*What the task asks*
Read the records below and copy each line that contains "with".

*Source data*
+---+

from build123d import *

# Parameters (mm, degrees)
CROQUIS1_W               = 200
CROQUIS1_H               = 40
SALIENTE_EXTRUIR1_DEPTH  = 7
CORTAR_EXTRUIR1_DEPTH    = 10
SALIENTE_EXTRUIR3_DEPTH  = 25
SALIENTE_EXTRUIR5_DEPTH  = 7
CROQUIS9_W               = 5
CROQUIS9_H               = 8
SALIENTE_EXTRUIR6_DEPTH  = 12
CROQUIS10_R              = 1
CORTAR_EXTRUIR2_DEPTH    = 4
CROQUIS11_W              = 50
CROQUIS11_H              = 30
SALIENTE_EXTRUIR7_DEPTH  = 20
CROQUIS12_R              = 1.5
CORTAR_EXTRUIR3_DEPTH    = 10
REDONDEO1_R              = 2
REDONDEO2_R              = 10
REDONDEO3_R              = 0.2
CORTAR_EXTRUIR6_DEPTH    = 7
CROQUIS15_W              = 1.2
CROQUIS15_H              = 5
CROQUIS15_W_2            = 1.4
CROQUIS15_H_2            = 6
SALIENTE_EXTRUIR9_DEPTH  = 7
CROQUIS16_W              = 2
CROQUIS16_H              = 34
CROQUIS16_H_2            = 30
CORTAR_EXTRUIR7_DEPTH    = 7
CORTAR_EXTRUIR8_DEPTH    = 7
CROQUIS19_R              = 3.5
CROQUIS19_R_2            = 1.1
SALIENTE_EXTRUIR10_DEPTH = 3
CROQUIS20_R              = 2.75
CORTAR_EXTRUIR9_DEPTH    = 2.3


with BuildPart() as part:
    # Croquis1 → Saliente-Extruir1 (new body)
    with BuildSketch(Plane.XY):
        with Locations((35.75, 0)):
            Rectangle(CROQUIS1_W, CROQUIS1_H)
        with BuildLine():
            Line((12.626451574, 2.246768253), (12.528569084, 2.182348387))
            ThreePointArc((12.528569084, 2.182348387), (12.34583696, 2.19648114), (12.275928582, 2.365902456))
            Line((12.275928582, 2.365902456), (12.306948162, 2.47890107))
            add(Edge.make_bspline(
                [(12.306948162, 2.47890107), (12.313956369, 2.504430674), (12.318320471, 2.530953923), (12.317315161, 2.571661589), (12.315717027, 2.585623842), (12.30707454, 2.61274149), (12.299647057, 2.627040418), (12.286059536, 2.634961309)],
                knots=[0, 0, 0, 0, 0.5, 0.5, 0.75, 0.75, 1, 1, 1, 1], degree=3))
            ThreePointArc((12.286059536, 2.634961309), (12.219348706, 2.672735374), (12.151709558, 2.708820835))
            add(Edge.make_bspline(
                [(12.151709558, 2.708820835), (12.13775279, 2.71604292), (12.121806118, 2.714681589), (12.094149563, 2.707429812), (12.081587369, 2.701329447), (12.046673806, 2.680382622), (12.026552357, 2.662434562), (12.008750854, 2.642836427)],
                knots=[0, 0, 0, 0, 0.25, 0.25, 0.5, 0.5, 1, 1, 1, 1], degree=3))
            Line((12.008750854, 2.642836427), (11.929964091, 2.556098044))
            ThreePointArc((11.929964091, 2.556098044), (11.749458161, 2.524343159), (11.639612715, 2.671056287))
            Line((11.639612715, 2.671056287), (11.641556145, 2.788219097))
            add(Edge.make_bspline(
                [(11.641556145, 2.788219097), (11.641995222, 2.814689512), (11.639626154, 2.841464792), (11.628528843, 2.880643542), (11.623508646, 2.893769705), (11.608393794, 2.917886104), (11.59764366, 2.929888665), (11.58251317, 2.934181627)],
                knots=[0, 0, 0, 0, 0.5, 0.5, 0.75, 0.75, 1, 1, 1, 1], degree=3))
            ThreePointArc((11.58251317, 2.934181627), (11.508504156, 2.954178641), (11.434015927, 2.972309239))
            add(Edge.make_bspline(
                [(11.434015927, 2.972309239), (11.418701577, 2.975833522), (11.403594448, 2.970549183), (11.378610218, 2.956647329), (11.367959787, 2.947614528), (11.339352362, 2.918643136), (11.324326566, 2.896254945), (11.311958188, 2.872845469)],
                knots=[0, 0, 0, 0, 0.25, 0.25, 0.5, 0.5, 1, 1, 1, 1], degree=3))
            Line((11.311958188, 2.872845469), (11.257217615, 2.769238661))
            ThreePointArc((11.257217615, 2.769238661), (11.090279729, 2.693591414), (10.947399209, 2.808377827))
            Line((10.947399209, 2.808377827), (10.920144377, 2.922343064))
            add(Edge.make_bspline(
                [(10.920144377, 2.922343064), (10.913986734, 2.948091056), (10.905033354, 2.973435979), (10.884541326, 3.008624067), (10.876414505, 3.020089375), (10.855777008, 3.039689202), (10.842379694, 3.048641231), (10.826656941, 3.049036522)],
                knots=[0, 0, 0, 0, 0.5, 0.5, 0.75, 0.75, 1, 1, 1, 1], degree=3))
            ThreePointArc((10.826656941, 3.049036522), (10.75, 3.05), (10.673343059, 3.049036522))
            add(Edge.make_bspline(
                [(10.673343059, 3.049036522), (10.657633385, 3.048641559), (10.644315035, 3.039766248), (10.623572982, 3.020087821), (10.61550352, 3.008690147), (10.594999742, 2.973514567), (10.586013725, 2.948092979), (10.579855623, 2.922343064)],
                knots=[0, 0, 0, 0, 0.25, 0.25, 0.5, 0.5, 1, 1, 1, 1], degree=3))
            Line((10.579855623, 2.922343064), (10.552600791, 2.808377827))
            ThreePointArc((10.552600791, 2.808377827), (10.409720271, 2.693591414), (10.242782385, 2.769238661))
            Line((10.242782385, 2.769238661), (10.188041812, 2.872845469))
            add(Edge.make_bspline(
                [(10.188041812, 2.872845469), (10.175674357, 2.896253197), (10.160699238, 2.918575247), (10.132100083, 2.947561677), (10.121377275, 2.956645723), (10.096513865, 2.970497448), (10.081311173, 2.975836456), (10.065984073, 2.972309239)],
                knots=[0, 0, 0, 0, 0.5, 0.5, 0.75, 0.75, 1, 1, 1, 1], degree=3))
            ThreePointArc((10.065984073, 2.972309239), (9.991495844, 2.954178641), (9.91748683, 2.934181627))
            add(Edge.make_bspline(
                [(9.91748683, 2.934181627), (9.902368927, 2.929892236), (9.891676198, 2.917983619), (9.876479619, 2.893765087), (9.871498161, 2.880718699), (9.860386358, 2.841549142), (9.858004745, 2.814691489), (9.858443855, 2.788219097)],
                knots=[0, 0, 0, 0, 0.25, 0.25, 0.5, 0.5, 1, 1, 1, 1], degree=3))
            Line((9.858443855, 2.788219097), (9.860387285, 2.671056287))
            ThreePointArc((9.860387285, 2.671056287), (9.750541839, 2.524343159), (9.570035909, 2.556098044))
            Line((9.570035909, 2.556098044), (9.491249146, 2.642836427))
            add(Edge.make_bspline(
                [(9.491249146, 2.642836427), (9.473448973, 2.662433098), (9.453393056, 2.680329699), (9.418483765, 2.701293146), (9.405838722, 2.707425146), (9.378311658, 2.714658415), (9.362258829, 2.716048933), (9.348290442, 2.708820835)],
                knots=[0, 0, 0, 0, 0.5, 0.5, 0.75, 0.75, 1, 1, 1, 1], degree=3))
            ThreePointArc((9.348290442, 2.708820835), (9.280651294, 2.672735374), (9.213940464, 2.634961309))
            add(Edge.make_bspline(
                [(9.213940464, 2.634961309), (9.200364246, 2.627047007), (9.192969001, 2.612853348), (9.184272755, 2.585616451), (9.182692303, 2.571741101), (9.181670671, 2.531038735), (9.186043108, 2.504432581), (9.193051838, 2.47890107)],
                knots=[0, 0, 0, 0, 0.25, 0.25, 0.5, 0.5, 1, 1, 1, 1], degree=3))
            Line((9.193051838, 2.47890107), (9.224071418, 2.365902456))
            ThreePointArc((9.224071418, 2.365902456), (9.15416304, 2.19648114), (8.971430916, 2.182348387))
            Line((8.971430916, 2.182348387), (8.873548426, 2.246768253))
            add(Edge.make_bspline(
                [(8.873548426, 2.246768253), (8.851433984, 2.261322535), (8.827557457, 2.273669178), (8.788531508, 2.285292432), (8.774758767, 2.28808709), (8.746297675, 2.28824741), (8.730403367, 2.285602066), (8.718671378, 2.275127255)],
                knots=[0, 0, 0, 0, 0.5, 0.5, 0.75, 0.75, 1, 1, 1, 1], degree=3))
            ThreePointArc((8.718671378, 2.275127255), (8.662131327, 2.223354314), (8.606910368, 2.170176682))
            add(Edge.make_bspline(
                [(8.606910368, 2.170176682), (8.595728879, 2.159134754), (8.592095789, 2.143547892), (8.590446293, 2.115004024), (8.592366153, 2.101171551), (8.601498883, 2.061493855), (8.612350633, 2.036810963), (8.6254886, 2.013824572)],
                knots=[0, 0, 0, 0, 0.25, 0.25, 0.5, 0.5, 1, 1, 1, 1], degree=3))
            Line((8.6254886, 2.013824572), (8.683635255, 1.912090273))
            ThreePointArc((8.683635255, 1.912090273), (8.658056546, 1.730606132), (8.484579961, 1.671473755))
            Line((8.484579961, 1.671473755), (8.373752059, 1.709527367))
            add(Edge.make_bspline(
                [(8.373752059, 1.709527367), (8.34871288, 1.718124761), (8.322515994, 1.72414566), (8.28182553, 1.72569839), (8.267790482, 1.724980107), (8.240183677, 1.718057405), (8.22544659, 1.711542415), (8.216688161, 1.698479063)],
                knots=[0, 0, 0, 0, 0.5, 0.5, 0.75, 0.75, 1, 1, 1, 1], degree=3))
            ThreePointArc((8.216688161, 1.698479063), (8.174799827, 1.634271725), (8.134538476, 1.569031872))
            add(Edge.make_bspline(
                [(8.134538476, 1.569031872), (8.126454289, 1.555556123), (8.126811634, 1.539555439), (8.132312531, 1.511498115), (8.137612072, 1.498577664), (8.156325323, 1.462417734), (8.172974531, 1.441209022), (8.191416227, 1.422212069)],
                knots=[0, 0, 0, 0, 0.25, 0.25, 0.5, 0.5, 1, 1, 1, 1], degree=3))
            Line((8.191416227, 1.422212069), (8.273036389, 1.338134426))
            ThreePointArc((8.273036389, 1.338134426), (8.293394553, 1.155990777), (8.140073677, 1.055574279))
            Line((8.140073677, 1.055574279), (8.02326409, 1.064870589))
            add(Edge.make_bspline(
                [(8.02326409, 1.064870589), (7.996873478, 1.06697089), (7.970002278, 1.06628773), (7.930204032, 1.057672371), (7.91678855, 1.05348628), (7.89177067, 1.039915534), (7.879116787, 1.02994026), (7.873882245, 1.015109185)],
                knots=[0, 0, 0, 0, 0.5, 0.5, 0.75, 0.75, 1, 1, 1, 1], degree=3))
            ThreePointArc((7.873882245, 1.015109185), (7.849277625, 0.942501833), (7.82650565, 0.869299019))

+---+

*Finished task*
with BuildPart() as part:
    with BuildSketch(Plane.XY):
        with Locations((35.75, 0)):
        with BuildLine():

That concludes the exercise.